There’s a 23-mile section from Richmond to Ingleby Cross, where you leave the lush hills and valleys of Swaledale and enter a flat and long countryside over the Vale of Mowbray. Many knock this section… but I wonder why?

It was wonderful – a treat for the legs as you have no hills to conquer, with pleasant farmland paths and tracks. Farmers hang their crude and hand-painted signs to lead you in the right direction. A thoroughly rewarding day, especially when you leave Richmond, looking east. The ranges of the North Yorks Moors in the distance are your destination, at the foot of those hills.

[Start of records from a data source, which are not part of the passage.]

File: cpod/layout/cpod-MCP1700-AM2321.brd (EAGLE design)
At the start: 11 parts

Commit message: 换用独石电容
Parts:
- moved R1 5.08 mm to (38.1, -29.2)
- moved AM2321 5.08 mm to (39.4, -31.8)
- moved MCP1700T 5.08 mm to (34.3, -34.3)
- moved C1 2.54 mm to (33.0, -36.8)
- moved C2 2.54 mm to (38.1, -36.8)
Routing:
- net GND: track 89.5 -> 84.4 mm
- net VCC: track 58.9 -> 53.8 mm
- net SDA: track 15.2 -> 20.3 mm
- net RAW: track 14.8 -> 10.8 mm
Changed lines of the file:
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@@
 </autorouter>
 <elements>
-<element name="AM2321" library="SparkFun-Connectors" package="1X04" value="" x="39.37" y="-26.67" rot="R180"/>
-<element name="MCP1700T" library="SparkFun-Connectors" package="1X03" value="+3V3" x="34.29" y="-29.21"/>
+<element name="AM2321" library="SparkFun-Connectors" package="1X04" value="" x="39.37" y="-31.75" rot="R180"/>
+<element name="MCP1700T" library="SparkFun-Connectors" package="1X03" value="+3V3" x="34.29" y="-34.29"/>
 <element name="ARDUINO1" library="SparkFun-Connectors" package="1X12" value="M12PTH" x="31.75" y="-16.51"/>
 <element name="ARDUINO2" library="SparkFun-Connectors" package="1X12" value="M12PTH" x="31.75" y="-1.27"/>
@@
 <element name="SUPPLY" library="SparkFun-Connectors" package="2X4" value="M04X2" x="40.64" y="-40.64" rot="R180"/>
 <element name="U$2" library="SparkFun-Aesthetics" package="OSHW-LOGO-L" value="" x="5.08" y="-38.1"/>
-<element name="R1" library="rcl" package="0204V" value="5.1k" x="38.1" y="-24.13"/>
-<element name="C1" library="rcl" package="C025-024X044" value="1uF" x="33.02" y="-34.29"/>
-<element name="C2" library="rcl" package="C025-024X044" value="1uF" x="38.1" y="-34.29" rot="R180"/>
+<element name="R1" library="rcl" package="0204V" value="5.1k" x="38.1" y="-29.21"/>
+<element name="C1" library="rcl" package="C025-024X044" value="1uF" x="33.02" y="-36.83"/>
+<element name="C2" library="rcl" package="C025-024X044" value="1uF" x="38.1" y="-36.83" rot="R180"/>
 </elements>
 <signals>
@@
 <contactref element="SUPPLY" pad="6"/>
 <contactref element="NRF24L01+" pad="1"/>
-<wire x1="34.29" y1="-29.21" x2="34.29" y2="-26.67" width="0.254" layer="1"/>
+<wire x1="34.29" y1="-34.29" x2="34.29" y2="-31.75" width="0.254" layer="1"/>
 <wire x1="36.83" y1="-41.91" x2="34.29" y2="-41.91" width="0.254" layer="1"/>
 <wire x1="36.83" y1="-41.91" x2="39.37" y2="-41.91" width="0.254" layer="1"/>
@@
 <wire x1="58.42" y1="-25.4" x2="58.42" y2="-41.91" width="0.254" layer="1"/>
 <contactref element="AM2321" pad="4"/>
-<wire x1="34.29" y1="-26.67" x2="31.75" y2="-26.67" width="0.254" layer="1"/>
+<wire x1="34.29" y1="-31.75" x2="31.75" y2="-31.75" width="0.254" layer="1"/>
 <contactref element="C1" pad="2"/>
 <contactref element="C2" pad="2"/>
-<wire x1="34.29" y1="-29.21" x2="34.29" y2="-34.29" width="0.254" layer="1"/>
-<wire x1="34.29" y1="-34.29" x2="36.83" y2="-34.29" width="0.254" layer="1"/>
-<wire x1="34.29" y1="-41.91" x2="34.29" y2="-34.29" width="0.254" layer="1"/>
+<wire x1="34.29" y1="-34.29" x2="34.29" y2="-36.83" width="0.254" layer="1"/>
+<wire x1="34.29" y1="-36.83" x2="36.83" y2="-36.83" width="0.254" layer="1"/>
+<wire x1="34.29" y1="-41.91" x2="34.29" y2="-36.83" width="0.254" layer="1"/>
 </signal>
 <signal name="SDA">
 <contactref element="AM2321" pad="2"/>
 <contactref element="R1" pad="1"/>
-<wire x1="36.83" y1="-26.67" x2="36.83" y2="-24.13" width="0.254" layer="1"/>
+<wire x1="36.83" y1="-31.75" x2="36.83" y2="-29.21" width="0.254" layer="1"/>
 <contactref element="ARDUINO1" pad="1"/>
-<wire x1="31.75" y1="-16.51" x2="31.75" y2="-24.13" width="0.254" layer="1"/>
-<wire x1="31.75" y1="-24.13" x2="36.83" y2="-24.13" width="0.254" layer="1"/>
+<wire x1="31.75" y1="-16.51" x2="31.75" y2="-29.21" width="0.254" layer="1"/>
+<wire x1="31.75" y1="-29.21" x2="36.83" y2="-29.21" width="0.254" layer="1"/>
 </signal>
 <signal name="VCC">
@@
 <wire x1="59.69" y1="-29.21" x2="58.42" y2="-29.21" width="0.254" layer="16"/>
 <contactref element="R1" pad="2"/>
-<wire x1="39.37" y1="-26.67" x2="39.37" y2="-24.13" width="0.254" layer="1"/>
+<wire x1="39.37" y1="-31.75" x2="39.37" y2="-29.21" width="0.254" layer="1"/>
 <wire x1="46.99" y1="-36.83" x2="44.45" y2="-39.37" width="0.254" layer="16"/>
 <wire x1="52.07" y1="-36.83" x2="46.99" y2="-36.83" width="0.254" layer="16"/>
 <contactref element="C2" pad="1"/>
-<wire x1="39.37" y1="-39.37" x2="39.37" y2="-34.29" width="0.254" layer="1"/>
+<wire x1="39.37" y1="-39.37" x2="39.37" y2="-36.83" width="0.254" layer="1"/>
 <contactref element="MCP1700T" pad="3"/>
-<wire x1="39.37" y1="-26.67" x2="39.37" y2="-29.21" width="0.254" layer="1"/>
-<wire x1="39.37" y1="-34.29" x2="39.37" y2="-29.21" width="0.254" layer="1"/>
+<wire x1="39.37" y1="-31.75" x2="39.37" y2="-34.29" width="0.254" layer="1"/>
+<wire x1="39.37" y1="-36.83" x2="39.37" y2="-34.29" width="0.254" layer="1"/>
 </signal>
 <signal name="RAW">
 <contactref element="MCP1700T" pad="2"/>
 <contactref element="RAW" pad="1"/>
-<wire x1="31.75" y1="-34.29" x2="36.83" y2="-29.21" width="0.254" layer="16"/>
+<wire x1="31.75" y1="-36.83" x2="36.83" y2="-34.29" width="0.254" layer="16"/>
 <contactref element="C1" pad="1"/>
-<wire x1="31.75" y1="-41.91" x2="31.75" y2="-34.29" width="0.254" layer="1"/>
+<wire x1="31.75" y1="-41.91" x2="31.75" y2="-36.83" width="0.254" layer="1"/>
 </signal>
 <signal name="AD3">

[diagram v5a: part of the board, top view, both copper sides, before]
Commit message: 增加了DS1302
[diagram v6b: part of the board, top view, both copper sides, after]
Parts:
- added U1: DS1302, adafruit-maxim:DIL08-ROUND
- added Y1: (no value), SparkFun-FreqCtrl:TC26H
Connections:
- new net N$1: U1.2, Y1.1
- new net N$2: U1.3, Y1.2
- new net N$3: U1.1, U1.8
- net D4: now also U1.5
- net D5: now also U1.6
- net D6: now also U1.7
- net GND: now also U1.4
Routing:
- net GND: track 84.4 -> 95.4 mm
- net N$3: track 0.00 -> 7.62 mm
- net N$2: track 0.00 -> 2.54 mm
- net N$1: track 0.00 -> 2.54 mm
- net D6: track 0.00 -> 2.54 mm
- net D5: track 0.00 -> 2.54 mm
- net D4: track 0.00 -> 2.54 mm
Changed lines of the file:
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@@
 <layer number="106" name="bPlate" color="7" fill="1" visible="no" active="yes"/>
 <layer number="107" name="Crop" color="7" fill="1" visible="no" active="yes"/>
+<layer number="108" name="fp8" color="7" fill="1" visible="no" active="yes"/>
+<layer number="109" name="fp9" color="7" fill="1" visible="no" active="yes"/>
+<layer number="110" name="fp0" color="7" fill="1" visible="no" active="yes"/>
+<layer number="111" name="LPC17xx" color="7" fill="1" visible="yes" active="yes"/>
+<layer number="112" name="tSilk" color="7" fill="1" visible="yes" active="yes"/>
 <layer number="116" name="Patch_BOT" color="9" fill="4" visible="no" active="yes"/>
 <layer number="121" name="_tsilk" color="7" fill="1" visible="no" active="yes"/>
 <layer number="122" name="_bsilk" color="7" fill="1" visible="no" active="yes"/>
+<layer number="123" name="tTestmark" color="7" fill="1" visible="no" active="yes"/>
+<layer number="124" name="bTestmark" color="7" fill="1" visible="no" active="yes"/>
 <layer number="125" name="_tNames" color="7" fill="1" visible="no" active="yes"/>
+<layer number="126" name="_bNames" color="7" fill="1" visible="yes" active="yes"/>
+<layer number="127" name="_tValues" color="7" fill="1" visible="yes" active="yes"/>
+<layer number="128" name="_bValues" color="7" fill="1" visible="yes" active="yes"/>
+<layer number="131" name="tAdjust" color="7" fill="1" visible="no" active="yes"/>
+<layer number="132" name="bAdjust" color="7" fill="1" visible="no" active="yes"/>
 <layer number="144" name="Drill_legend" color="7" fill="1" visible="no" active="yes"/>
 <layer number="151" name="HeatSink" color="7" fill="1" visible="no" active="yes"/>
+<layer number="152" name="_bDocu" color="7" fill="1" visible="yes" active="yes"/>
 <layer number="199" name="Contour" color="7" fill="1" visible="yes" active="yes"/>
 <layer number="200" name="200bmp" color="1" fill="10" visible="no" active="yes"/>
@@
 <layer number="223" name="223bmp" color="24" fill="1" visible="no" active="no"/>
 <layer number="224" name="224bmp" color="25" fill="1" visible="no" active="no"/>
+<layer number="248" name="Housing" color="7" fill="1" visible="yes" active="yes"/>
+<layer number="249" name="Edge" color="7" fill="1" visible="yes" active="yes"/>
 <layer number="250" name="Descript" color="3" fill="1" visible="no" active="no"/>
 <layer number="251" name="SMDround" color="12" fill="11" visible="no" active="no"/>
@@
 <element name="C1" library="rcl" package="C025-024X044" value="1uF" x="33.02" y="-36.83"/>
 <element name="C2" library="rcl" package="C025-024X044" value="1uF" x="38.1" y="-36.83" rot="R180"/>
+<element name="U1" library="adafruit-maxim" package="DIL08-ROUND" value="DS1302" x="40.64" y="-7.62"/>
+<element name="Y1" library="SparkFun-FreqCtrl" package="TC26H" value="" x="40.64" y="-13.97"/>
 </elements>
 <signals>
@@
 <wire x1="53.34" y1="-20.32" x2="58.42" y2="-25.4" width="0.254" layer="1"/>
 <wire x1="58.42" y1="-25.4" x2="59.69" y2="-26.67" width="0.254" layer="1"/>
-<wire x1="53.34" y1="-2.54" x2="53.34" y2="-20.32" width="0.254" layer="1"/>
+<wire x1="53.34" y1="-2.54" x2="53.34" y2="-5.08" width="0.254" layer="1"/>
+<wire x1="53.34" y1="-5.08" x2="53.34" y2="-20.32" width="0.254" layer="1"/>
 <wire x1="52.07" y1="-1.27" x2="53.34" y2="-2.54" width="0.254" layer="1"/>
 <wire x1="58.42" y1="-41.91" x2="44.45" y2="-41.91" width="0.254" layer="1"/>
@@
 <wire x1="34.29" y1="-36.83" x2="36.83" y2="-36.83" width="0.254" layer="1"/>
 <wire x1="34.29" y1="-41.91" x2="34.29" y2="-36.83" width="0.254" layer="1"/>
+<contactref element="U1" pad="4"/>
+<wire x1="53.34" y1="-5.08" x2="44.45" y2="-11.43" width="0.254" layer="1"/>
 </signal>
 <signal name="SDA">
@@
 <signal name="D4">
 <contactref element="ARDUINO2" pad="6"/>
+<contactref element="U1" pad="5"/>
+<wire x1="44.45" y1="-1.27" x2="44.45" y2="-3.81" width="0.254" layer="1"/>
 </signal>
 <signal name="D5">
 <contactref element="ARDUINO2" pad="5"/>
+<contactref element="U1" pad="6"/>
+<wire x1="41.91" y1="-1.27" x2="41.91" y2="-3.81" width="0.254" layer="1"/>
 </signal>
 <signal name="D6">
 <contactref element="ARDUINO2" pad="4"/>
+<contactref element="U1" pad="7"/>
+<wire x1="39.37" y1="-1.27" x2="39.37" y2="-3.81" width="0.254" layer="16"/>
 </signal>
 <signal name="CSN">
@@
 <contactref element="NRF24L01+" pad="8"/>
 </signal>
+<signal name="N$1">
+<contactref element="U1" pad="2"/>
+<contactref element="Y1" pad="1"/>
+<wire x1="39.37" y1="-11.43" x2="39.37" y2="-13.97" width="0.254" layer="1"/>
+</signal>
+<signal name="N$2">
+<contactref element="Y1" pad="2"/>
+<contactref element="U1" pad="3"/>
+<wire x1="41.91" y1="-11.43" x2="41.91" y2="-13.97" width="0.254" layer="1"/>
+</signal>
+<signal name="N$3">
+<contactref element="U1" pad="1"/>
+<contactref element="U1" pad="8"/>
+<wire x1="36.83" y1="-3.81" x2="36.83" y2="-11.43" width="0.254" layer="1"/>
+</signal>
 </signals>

8. Truly embracing Heartbeat country.

The Coast to Coast route passes a corner of the North Yorks Moors National Park famous for being the inspiration and location for Heartbeat, a TV show set in 1960s Yorkshire and filmed in this area. Whilst the bulk of the show was filmed in nearby Goathland, the village of Grosmont (with a traditional Victorian station and heritage railway) evokes a timeless corner of Yorkshire captured in the show.

Fans of the TV show, we cooed and awed when the legendary steam locomotive, the Sir Nigel Gresley, pulled up at the station the moment we stepped foot in the village, with conductors and old fashioned bobbies patrolling the street (almost as if we had wandered into a scene from the show).

Coast to Coast Tips: Steam Train Sightings

9. Saying goodbye to the pebble, and hello to Robin Hood’s Bay.

My perfect pebble, all the way from St Bees, now sunken to the bottom of Robin Hood’s Bay. Head back into the village for the delightful old pub at the waterfront, with the Coast to Coast sign proclaiming the end of the walk. Time to sink a well-earned drink too, but never to let go of the memories of a truly legendary hike.